*** EXERCISE DATA Section Begins ***
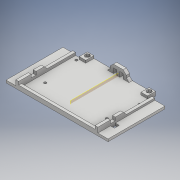
# Autodesk Inventor part: odroid_router
Saved by Autodesk Inventor 2018 (Build 220112000, 112)
## iProperties
Created: 2018-05-15
Part Number: odroid_router
Material: Generic
Document SubType Name: Modeling
Designer: bitbots
Density: 1 g/cm^3
Appearance: Default
Author: bitbots
Autodesk Inventor part; units mm, degrees
ref_plane "YZ Plane" through (0, 0, 0) normal (1, 0, 0) x (0, 1, 0)
ref_plane "XZ Plane" through (0, 0, 0) normal (0, 1, 0) x (-1, 0, 0)
ref_plane "Work Plane1" through (0, 0, 2) normal (0, 0, 1) x (1, 0, 0)
sketch "Sketch1" plane through (0, 0, 2) normal (0, 0, 1) x (1, 0, 0)
  arc A0 (0, 3.5) -> (-3.5, 0) centre (0, 0) ccw construction
  line L0 (-3.5, -52) -> (-3.5, 0) construction
  arc A1 (-3.5, -52) -> (0, -55.5) centre (0, -52) ccw construction
  line L1 (76, -55.5) -> (0, -55.5) construction
  arc A2 (76, -55.5) -> (79.5, -52) centre (76, -52) ccw construction
  line L2 (79.5, 0) -> (79.5, -52) construction
  arc A3 (79.5, 0) -> (76, 3.5) centre (76, 0) ccw construction
  line L3 (0, 3.5) -> (76, 3.5) construction
  circle A4 centre (0, -52) radius 1.4224 construction
  circle A5 centre (0, 0) radius 1.4224 construction
  circle A6 centre (76, 0) radius 1.4224 construction
  circle A7 centre (76, -52) radius 1.4224 construction
  circle A8 centre (25.43, -38.5) radius 1.4224 construction
  circle A9 centre (76.11, -18.5) radius 1.4224 construction
  circle A10 centre (76, 0) radius 1.5
  circle A11 centre (76, -52) radius 1.5
  circle A12 centre (76, -52) radius 3.5
  circle A13 centre (76, 0) radius 3.5
  circle A14 centre (0, -52) radius 1.5
  circle A15 centre (0, -52) radius 3.5
  circle A16 centre (0, 0) radius 1.5
  circle A17 centre (0, 0) radius 3.5
  dimension "d0" = 3
  dimension "d1" = 3
  dimension "d2" = 7
  dimension "d3" = 7
  dimension "d4" = 3
  dimension "d5" = 7
  dimension "d6" = 3
  dimension "d7" = 7
  constraints: 8 centre point, 8 coincident
  measures "d0" diameter of A10
  measures "d1" diameter of A11
  measures "d2" diameter of A12
  measures "d3" diameter of A13
  measures "d4" diameter of A14
  measures "d5" diameter of A15
  measures "d6" diameter of A16
  measures "d7" diameter of A17
extrude "Extrusion1" add sketch "Sketch1" against normal blind 4.5
sketch "Sketch2" plane through (0, 0, 2) normal (0, 0, 1) x (1, 0, 0)
  circle A0 centre (76, -52) radius 1.5 projected
  circle A1 centre (76, -52) radius 3.5 projected
  circle A2 centre (0, -52) radius 3.5 projected
  circle A3 centre (0, 0) radius 1.5 projected
  circle A4 centre (0, 0) radius 3.5 projected
  circle A5 centre (76, 0) radius 1.5 projected
  circle A6 centre (76, 0) radius 3.5 projected
  circle A7 centre (76, -52) radius 1.5 projected
  line L0 (76, -52) -> (76, -56)
  circle A8 centre (76, -52) radius 3.5 projected
  circle A9 centre (0, 0) radius 3.5 projected
  line L1 (0, 0) -> (-4, 0)
  circle A10 centre (0, -52) radius 1.5 projected
  circle A11 centre (0, -52) radius 3.5 projected
  line L2 (76, -56) -> (80, -56)
  line L3 (-4, 0) -> (-4, 4)
  line L4 (-4, 4) -> (80, 4)
  line L5 (80, 4) -> (80, -56)
  line L6 (80, -56) -> (-4, -56)
  line L7 (-4, -56) -> (-4, 4)
  point P0 (0, 0)
  dimension "d10" = 4
  dimension "d12" = 4
  dimension "d21" = 4
  dimension "d22" = 4
  constraints: 16 end point, 3 horizontal, 2 parallel, 2 vertical, 1 perpendicular, 1 vertical alignment
  measures "d10" distance of L0.start L0.end
  measures "d12" distance of L1.start L1.end
  measures "d21" distance of L0.end L2.end
  measures "d22" distance of L1.end L3.end
extrude "Extrusion2" add sketch "Sketch2" along normal blind 2 contours A1 | A4 | L6 L7 L3 L4 L5 L2 | A2 | A6
sketch "Sketch3" plane through (0, 0, 4) normal (0, 0, 1) x (1, 0, 0)
  circle A0 centre (76, 0) radius 1.5 construction
  circle A1 centre (0, 0) radius 1.5 construction
  circle A2 centre (0, -52) radius 1.5 construction
  circle A3 centre (76, -52) radius 1.5 construction
  circle A4 centre (0, 0) radius 1.5 construction
  line L0 (0, 0) -> (2.6, 0) construction
  line L1 (2.6, -1.5011) -> (0, -3.0022)
  line L2 (0, -3.0022) -> (-2.6, -1.5011)
  line L3 (-2.6, -1.5011) -> (-2.6, 1.5011)
  line L4 (-2.6, 1.5011) -> (0, 3.0022)
  line L5 (0, 3.0022) -> (2.6, 1.5011)
  line L6 (2.6, 1.5011) -> (2.6, -1.5011)
  line L7 (3.3236, -3.218) -> (-3.3236, 3.218) construction
  line L8 (-3.3236, -3.218) -> (3.3236, 3.218) construction
  line L9 (80, 4) -> (-4, 4) projected
  line L10 (-4, 4) -> (-4, -56) projected
  line L11 (4, -4) -> (-4, -4)
  line L12 (-4, -4) -> (-4, 4)
  line L13 (-4, 4) -> (4, 4)
  line L14 (4, 4) -> (4, -4)
  circle A5 centre (0, 0) radius 1.5 projected
  line L15 (4, -4) -> (-4, 4) construction
  line L16 (-4, -4) -> (4, 4) construction
  point P0 (0, 0)
  dimension "d18" = 2.6
  constraints: 30 end point, 5 midpoint, 2 horizontal, 2 parallel, 1 coincident, 1 perpendicular, 13 other
  measures "d18" distance of L0.start L0.end
extrude "Extrusion3" add sketch "Sketch3" along normal blind 3 contours L14 L11 L10 L9
ref_plane "Work Plane2" through (38, -56, 2) normal (1, 0, 0) x (0, 0, -1)
mirror "Mirror1" about plane through (38, -56, 2) normal (1, 0, 0) of "Extrusion3"
sketch "Sketch4" plane through (0, 0, 4) normal (0, 0, 1) x (1, 0, 0)
  circle A0 centre (76, -52) radius 1.5 projected
  circle A1 centre (0, -52) radius 1.5 projected
  line L0 (80, -4) -> (72, -4) projected
  line L1 (72, -4) -> (72, 4) projected
  line L2 (72, 4) -> (4, 4) projected
  line L3 (4, 4) -> (4, -4) projected
  line L4 (4, -4) -> (-4, -4) projected
  line L5 (-4, -4) -> (-4, -56) projected
  line L6 (-4, -56) -> (80, -56) projected
  line L7 (80, -56) -> (80, -4) projected
  line L8 (-4, 4) -> (-4, -56) projected
  line L9 (-4, -56) -> (-4, 4)
  line L10 (-4, -26) -> (38, -26)
  line L11 (-11, -48) -> (87, -48)
  line L12 (87, -48) -> (87, -4)
  line L13 (87, -4) -> (-11, -4)
  line L14 (-11, -4) -> (-11, -48)
  line L15 (-11, -48) -> (87, -4) construction
  line L16 (87, -48) -> (-11, -4) construction
  point P0 (0, 0)
  dimension "d23" = 98
  dimension "d24" = 44
  constraints: 16 end point, 3 midpoint, 2 horizontal, 2 parallel, 1 perpendicular, 1 vertical
  measures "d23" distance of L13.end L12.end
  measures "d24" distance of L11.end L12.end
extrude "Extrusion4" add sketch "Sketch4" against normal blind 2 contours L7 L11 L5 L4 L13 L0 | L13 L12 L11 L7 | L11 L14 L13 L5
sketch "Sketch5" plane through (0, 0, 4) normal (0, 0, 1) x (1, 0, 0)
  circle A0 centre (76, 0) radius 1.5 projected
  line L0 (76, 0) -> (76, -20)
  line L1 (76, -20) -> (81, -20)
  circle A1 centre (81, -20) radius 1.5
  circle A2 centre (0, 0) radius 1.5 projected
  line L2 (0, 0) -> (0, -12)
  line L3 (0, -12) -> (-5, -12)
  circle A3 centre (-5, -12) radius 1.5
  point P0 (0, 0)
  dimension "d27" = 20
  dimension "d28" = 5
  dimension "d29" = 3
  dimension "d30" = 12
  dimension "d31" = 5
  dimension "d32" = 3
  constraints: 8 end point, 2 centre point, 2 coincident, 2 vertical, 1 horizontal, 1 perpendicular
  measures "d27" distance of L0.start L0.end
  measures "d28" distance of L0.end L1.end
  measures "d29" diameter of A1
  measures "d30" distance of L2.start L2.end
  measures "d31" distance of L2.end L3.end
  measures "d32" diameter of A3
extrude "Extrusion5" cut sketch "Sketch5" against normal blind 2 contours A1 | A3
sketch "Sketch7" plane through (-11, -48, 4) normal (-1, 0, 0) x (0, 0, 1)
  line L0 (0, 44) -> (0, 0) projected
  line L1 (0, 44) -> (-2, 44) projected
  line L2 (-2, 0) -> (-2, 44) projected
  line L3 (0, 0) -> (-2, 0) projected
  point P0 (-4, 48)
extrude "Extrusion6" add sketch "Sketch7" along normal blind 3
sketch "Sketch6" plane through (0, 0, 4) normal (0, 0, 1) x (1, 0, 0)
  circle A0 centre (81, -20) radius 1.5 projected
  circle A1 centre (-5, -12) radius 1.5 projected
  circle A2 centre (0, -52) radius 1.5 projected
  circle A3 centre (76, -52) radius 1.5 projected
  line L0 (72, -4) -> (72, 4) projected
  line L1 (72, 4) -> (4, 4) projected
  line L2 (4, 4) -> (4, -4) projected
  line L3 (4, -4) -> (-4, -4) projected
  line L4 (-4, -4) -> (-14, -4) projected
  line L5 (-14, -48) -> (-4, -48) projected
  line L6 (-4, -48) -> (-4, -56) projected
  line L7 (-4, -56) -> (80, -56) projected
  line L8 (80, -56) -> (80, -48) projected
  line L9 (80, -48) -> (87, -48) projected
  line L10 (87, -48) -> (87, -4) projected
  line L11 (87, -4) -> (80, -4) projected
  line L12 (80, -4) -> (72, -4) projected
  line L13 (81, -20) -> (83.5, -20)
  line L14 (83.5, -20) -> (83.5, -4)
  line L15 (80, -4) -> (87, -4) projected
  line L16 (87, -4) -> (83.5, -4)
  line L17 (87, -48) -> (87, -4) projected
  line L18 (87, -4) -> (87, -48)
  line L19 (83.5, -20) -> (83.5, -48)
  line L20 (80, -48) -> (87, -48) projected
  line L21 (87, -48) -> (83.5, -48)
  circle A4 centre (-5, -12) radius 1.5 projected
  line L22 (-5, -12) -> (-10.5, -12)
  line L23 (-14, -48) -> (-14, -4) projected
  line L24 (-10.5, -12) -> (-10.5, -4)
  line L25 (-4, -4) -> (-14, -4) projected
  line L26 (-14, -4) -> (-10.5, -4)
  line L27 (-4, -48) -> (-14, -48) projected
  line L28 (-14, -4) -> (-14, -48)
  line L29 (-14, -48) -> (-10.5, -48)
  line L30 (-10.5, -48) -> (-10.5, -12)
  point P0 (0, 0)
  dimension "d35" = 2.5
  dimension "d36" = 5.5
  constraints: 24 end point, 5 collinear, 3 point on line, 2 horizontal, 2 midpoint, 2 vertical
  measures "d35" distance of L13.start L13.end
  measures "d36" distance of L22.start L22.end
extrude "Extrusion7" add sketch "Sketch6" along normal blind 3.3 contours L14 L11 L10 L9 L19 | L5 L23 L4 L24 L30
sketch "Sketch8" plane through (0, 0, 4) normal (0, 0, 1) x (1, 0, 0)
  line L0 (83.5, -48) -> (83.5, -4) projected
  line L1 (83.5, -4) -> (80, -4) projected
  line L2 (80, -4) -> (72, -4) projected
  line L3 (72, -4) -> (72, 4) projected
  line L4 (72, 4) -> (4, 4) projected
  line L5 (4, 4) -> (4, -4) projected
  line L6 (4, -4) -> (-4, -4) projected
  line L7 (-4, -4) -> (-10.5, -4) projected
  line L8 (-10.5, -4) -> (-10.5, -48) projected
  line L9 (-10.5, -48) -> (-4, -48) projected
  line L10 (-4, -48) -> (-4, -56) projected
  line L11 (-4, -56) -> (80, -56) projected
  line L12 (80, -56) -> (80, -48) projected
  line L13 (80, -48) -> (83.5, -48) projected
  circle A0 centre (81, -20) radius 1.5 projected
  circle A1 centre (-5, -12) radius 1.5 projected
  circle A2 centre (0, -52) radius 1.5 projected
  circle A3 centre (76, -52) radius 1.5 projected
  circle A4 centre (81, -20) radius 1.5 projected
  line L14 (81, -20) -> (81, -74)
  line L15 (-14, -4) -> (-14, -48) projected
  line L16 (-14, -48) -> (-10.5, -48) projected
  line L17 (-10.5, -48) -> (-10.5, -4) projected
  line L18 (-10.5, -4) -> (-14, -4) projected
  line L19 (87, -48) -> (87, -4) projected
  line L20 (87, -4) -> (83.5, -4) projected
  line L21 (83.5, -4) -> (83.5, -48) projected
  line L22 (83.5, -48) -> (87, -48) projected
  line L23 (81, -74) -> (87, -74)
  line L24 (80, -48) -> (87, -48)
  line L25 (87, -48) -> (87, -74)
  line L26 (87, -74) -> (80, -74)
  line L27 (80, -74) -> (80, -48)
  line L28 (-10.5, -48) -> (-4, -48)
  line L29 (-4, -48) -> (-4, -74)
  line L30 (-4, -74) -> (-10.5, -74)
  line L31 (-10.5, -74) -> (-10.5, -48)
  line L32 (-4, -74) -> (80, -74)
  line L33 (80, -74) -> (80, -56)
  line L34 (80, -56) -> (-4, -56)
  line L35 (-4, -56) -> (-4, -74)
  line L36 (-4, -48) -> (-14, -48) projected
  line L37 (-14, -48) -> (-10.5, -48)
  line L38 (-10.5, -48) -> (-10.5, -74)
  line L39 (-10.5, -74) -> (-14, -74)
  line L40 (-14, -74) -> (-14, -48)
  point P0 (0, 0)
  dimension "d41" = 54
  constraints: 36 end point, 8 parallel, 5 horizontal, 4 perpendicular, 1 point on line, 1 vertical
  measures "d41" distance of L14.start L14.end
extrude "Extrusion8" add sketch "Sketch8" against normal blind 2 contours L22 L25 L23 L14 L13 | L14 L26 L27 L12 L13 | L27 L32 L29 L11 | L29 L30 L31 L9 L10 | L39 L40 L16 L31 | L16 L15 L18 L8
sketch "Sketch9" plane through (0, 0, 4) normal (0, 0, 1) x (1, 0, 0)
  line L0 (83.5, -48) -> (83.5, -4) projected
  line L1 (83.5, -4) -> (80, -4) construction
  line L2 (80, -4) -> (72, -4) construction
  line L3 (72, -4) -> (72, 4) construction
  line L4 (72, 4) -> (4, 4) construction
  line L5 (4, 4) -> (4, -4) construction
  line L6 (4, -4) -> (-4, -4) construction
  line L7 (-4, -4) -> (-10.5, -4) projected
  line L8 (-10.5, -4) -> (-10.5, -48) projected
  line L9 (-14, -48) -> (-10.5, -48) projected
  line L10 (-14, -48) -> (-14, -74) projected
  line L11 (-14, -74) -> (87, -74) projected
  line L12 (87, -74) -> (87, -48) projected
  line L13 (83.5, -48) -> (87, -48) projected
  circle A0 centre (81, -20) radius 1.5 construction
  circle A1 centre (-5, -12) radius 1.5 projected
  circle A2 centre (0, -52) radius 1.5 projected
  circle A3 centre (76, -52) radius 1.5 projected
  line L14 (-14, -74) -> (87, -74) projected
  line L15 (-14, -48) -> (-10.5, -48)
  line L16 (-10.5, -48) -> (-10.5, -74)
  line L17 (-10.5, -74) -> (-14, -74)
  line L18 (-14, -74) -> (-14, -48)
  line L19 (87, -48) -> (87, -4) projected
  line L20 (87, -48) -> (83.5, -48)
  line L21 (83.5, -48) -> (83.5, -74)
  line L22 (83.5, -74) -> (87, -74)
  line L23 (87, -74) -> (87, -48)
  line L24 (83.5, -74) -> (-10.5, -74)
  line L25 (-10.5, -74) -> (-10.5, -70.7)
  line L26 (-10.5, -70.7) -> (83.5, -70.7)
  line L27 (83.5, -70.7) -> (83.5, -74)
  point P0 (0, 0)
  dimension "d44" = 3.3
  constraints: 24 end point, 6 parallel, 3 horizontal, 3 perpendicular, 3 point on line
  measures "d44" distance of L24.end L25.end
*** EXERCISE DATA Section Ends ***
ASSIGNMENT
Everything from the line with "line L24 (83.5, -74) -> (-10.5, -74)" to the last line of the data is what to return, word for word; leave out the rest.

RESPONSE BELOW
  line L24 (83.5, -74) -> (-10.5, -74)
  line L25 (-10.5, -74) -> (-10.5, -70.7)
  line L26 (-10.5, -70.7) -> (83.5, -70.7)
  line L27 (83.5, -70.7) -> (83.5, -74)
  point P0 (0, 0)
  dimension "d44" = 3.3
  constraints: 24 end point, 6 parallel, 3 horizontal, 3 perpendicular, 3 point on line
  measures "d44" distance of L24.end L25.end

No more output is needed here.